493 00:56:15.810 ⇒ 00:56:24.480 Emily Giant: an inventory number ID in the event that it doesn’t exist in the transaction line model already. And prior to
494 00:56:25.630 ⇒ 00:56:33.359 Emily Giant: this morning, I hadn’t added this, because I didn’t realize the reason it wasn’t populating downstream was because this was missing.
495 00:56:33.800 ⇒ 00:56:42.089 Demilade Agboola: Okay, alright.

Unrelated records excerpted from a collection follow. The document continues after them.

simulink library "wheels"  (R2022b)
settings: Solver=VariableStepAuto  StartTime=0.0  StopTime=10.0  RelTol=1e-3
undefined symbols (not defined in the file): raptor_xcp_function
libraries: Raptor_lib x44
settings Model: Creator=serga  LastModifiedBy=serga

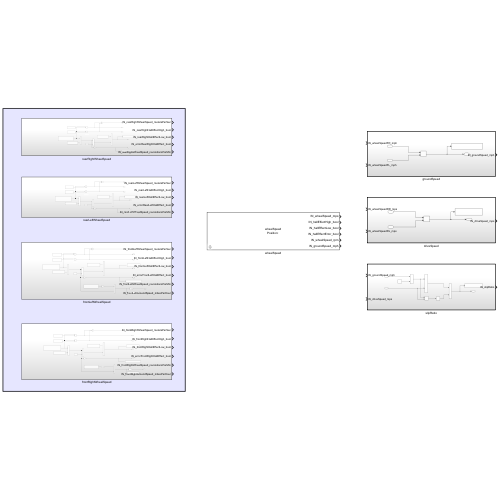
[thumbnail: Simulink's stored preview of the top-level diagram]
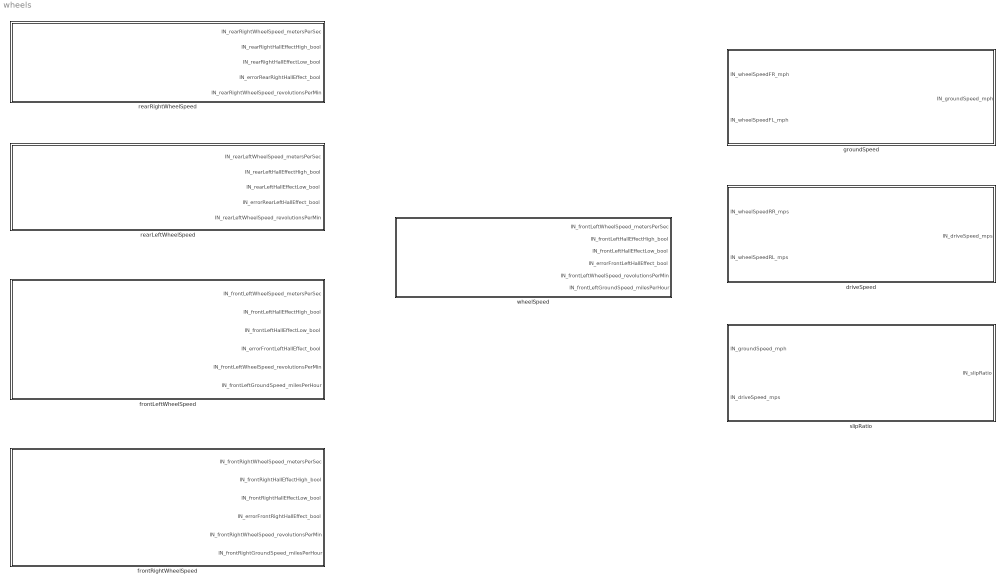
== system wheels ==
  driveSpeed : Subsystem  TreatAsAtomicUnit=on
  frontLeftWheelSpeed : Subsystem
  frontRightWheelSpeed : Subsystem
  groundSpeed : Subsystem  TreatAsAtomicUnit=on
  rearLeftWheelSpeed : Subsystem
  rearRightWheelSpeed : Subsystem
  slipRatio : Subsystem  TreatAsAtomicUnit=on
  wheelSpeed : Subsystem  mask{pos=''}
      mask prompts: pos "Position"
      mask Display:
      | disp(['wheelSpeed\n' ...
      |     'Position: ' pos]);
      | port_label('output', 1, ['IN_wheelSpeed' pos '_mps']);
      | port_label('output', 2, ['IN_hallEffectHigh' pos '_bool']);
      | port_label('output', 3, ['IN_hallEffectLow' pos '_bool']);
      | port_label('output', 4, ['IN_hallEffectError' pos '_bool']);
      | port_label('output', 5, ['IN_wheelSpeed' pos '_rpm']);
      | port_label('output', 6, ['IN_groundSpeed' pos '_mph']);

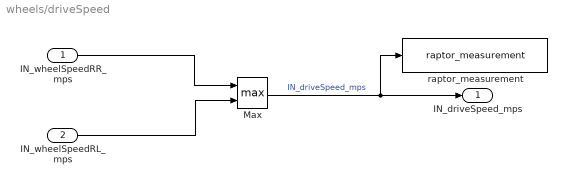
== system wheels/driveSpeed ==
  IN_wheelSpeedRR_mps : Inport
  IN_wheelSpeedRL_mps : Inport  Port=2
  Max : MinMax  Function=max  Inputs=2
  raptor_measurement : Raptor_lib/Data Storage/raptor_measurement  paramName='DataName'  nameSource=Input Wire  calDispType=Number  calEnum={'False', 'True'}  calGain=1.0  calOffset=0.0  calMax=inf  calMin=-inf  calFormat='-1'  calUnit=''  calHelp=''  calAccess=1  calFunction=raptor_xcp_function(gcb)  calVisible=on
      settings: SourceProductName=Raptor
  IN_driveSpeed_mps : Outport
  wires:
  IN_wheelSpeedRL_mps/1 -> Max/2
  Max/1 -> raptor_measurement/1, IN_driveSpeed_mps/1  "IN_driveSpeed_mps"
  IN_wheelSpeedRR_mps/1 -> Max/1

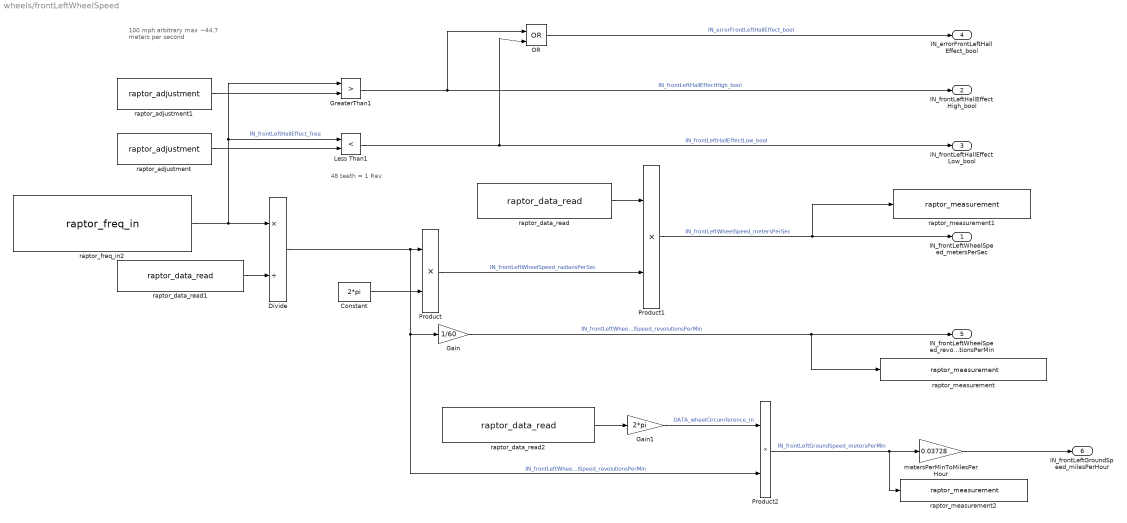
== system wheels/frontLeftWheelSpeed ==
  note: 48 teeth = 1 Rev
  note: 100 mph arbitrary max
      | ~44.7 meters per second
  Constant : Constant  Value=2*pi
  Divide : Product  Inputs=*/
  Gain : Gain  Gain=1/60
  Gain1 : Gain  Gain=2*pi
  GreaterThan1 : RelationalOperator  Operator=>  OutDataTypeStr=boolean  RndMeth=Simplest  InputSameDT=off
  Less Than1 : RelationalOperator  Operator=<  OutDataTypeStr=boolean  RndMeth=Simplest  InputSameDT=off
  OR : Logic  Operator=OR  IconShape=distinctive  AllPortsSameDT=off  OutDataTypeStr=boolean
  Product : Product
  Product1 : Product
  Product2 : Product
  metersPerMinToMilesPerHour : Gain  Gain=0.03728
  raptor_adjustment : Raptor_lib/Data Storage/raptor_adjustment  paramName='IN_frontLeftHallEffectLow_freq'  nameSource=Parameter  initValue=0  dataType=single  storage=Calibration  calDispType=Number  calEnum={'False', 'True'}  calGain=1.0  calOffset=0.0  calMax=inf  calMin=-inf  calFormat='-1'  calUnit=''  calHelp=''  calAccess=1  calFunction=raptor_xcp_function(gcb)  calDispHeaders=off  calColHeaders={'Col1' 'Col2' 'Col3'}  calRowHeaders={'Row1' 'Row2' 'Row3'}
      settings: SourceProductName=Raptor
  raptor_adjustment1 : Raptor_lib/Data Storage/raptor_adjustment  paramName='IN_frontLeftHallEffectHigh_freq'  nameSource=Parameter  initValue=1680  dataType=single  storage=Calibration  calDispType=Number  calEnum={'False', 'True'}  calGain=1.0  calOffset=0.0  calMax=inf  calMin=-inf  calFormat='-1'  calUnit=''  calHelp=''  calAccess=1  calFunction=raptor_xcp_function(gcb)  calDispHeaders=off  calColHeaders={'Col1' 'Col2' 'Col3'}  calRowHeaders={'Row1' 'Row2' 'Row3'}
      settings: SourceProductName=Raptor
  raptor_data_read : Raptor_lib/Data Storage/raptor_data_read  dataName='DATA_unloadedWheelRadius_m'  dataShape=Scalar  idxSource=Input  idxRow=1  idxCol=1
      settings: SourceProductName=Raptor
  raptor_data_read1 : Raptor_lib/Data Storage/raptor_data_read  dataName='DATA_wheelTooth_ct'  dataShape=Scalar  idxSource=Input  idxRow=1  idxCol=1
      settings: SourceProductName=Raptor
  raptor_data_read2 : Raptor_lib/Data Storage/raptor_data_read  dataName='DATA_unloadedWheelRadius_m'  dataShape=Scalar  idxSource=Input  idxRow=1  idxCol=1
      settings: SourceProductName=Raptor
  raptor_freq_in2 : Raptor_lib/Input & Output/raptor_freq_in  resourceValues=INPUT41|INPUT42|INPUT43|INPUT44|INPUT45|(None)  resource=INPUT43  pullUDValues=[]  pullUD=[]  interfaceValues=[]  interface=[]  hasDuty=off  hasEdgeCount='RAPTOR MASK DEFAULT'
      settings: SourceProductName=Raptor
  raptor_measurement : Raptor_lib/Data Storage/raptor_measurement  paramName='DataName'  nameSource=Input Wire  calDispType=Number  calEnum={'False', 'True'}  calGain=1.0  calOffset=0.0  calMax=inf  calMin=-inf  calFormat='-1'  calUnit=''  calHelp=''  calAccess=1  calFunction=raptor_xcp_function(gcb)  calVisible=on
      settings: SourceProductName=Raptor
  raptor_measurement1 : Raptor_lib/Data Storage/raptor_measurement  paramName='DataName'  nameSource=Input Wire  calDispType=Number  calEnum={'False', 'True'}  calGain=1.0  calOffset=0.0  calMax=inf  calMin=-inf  calFormat='-1'  calUnit=''  calHelp=''  calAccess=1  calFunction=raptor_xcp_function(gcb)  calVisible=on
      settings: SourceProductName=Raptor
  raptor_measurement2 : Raptor_lib/Data Storage/raptor_measurement  paramName='DataName'  nameSource=Input Wire  calDispType=Number  calEnum={'False', 'True'}  calGain=1.0  calOffset=0.0  calMax=inf  calMin=-inf  calFormat='-1'  calUnit=''  calHelp=''  calAccess=1  calFunction=raptor_xcp_function(gcb)  calVisible=on
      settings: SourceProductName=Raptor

Just a heads up, just… it would be helpful to do, like, a count of rows prior and a count of rows after.
496 00:56:42.440 ⇒ 00:56:43.020 Demilade Agboola: the joint.
497 00:56:43.020 ⇒ 00:56:43.979 Emily Giant: Yeah, that makes sense.
498 00:56:44.300 ⇒ 00:56:49.640 Demilade Agboola: Like, you don’t… the numbers don’t change in a drastic manner, in any manner, to be honest.
499 00:56:50.170 ⇒ 00:56:50.820 Emily Giant: Yeah.
500 00:56:51.010 ⇒ 00:56:52.360 Emily Giant: Let me add that.
501 00:56:52.790 ⇒ 00:56:53.570 Emily Giant: Huh.
502 00:56:54.670 ⇒ 00:56:57.420 Emily Giant: count of… Rows.
503 00:56:57.530 ⇒ 00:56:59.740 Emily Giant: Prior to this model existing.
504 00:57:02.880 ⇒ 00:57:04.029 Emily Giant: Okay, cool.
505 00:57:04.730 ⇒ 00:57:10.010 Emily Giant: I will add that… I’ll do some QA on that before resubmitting.
506 00:57:10.010 ⇒ 00:57:11.330 Demilade Agboola: Alright, sounds good.
507 00:57:11.330 ⇒ 00:57:13.430 Emily Giant: Alright, cool. Thanks, everybody!
508 00:57:13.890 ⇒ 00:57:14.680 pk.arthur: cute.
509 00:57:14.680 ⇒ 00:57:16.070 Emily Giant: Alright, talk to you later.
510 00:57:16.240 ⇒ 00:57:17.059 pk.arthur: Bye, guys.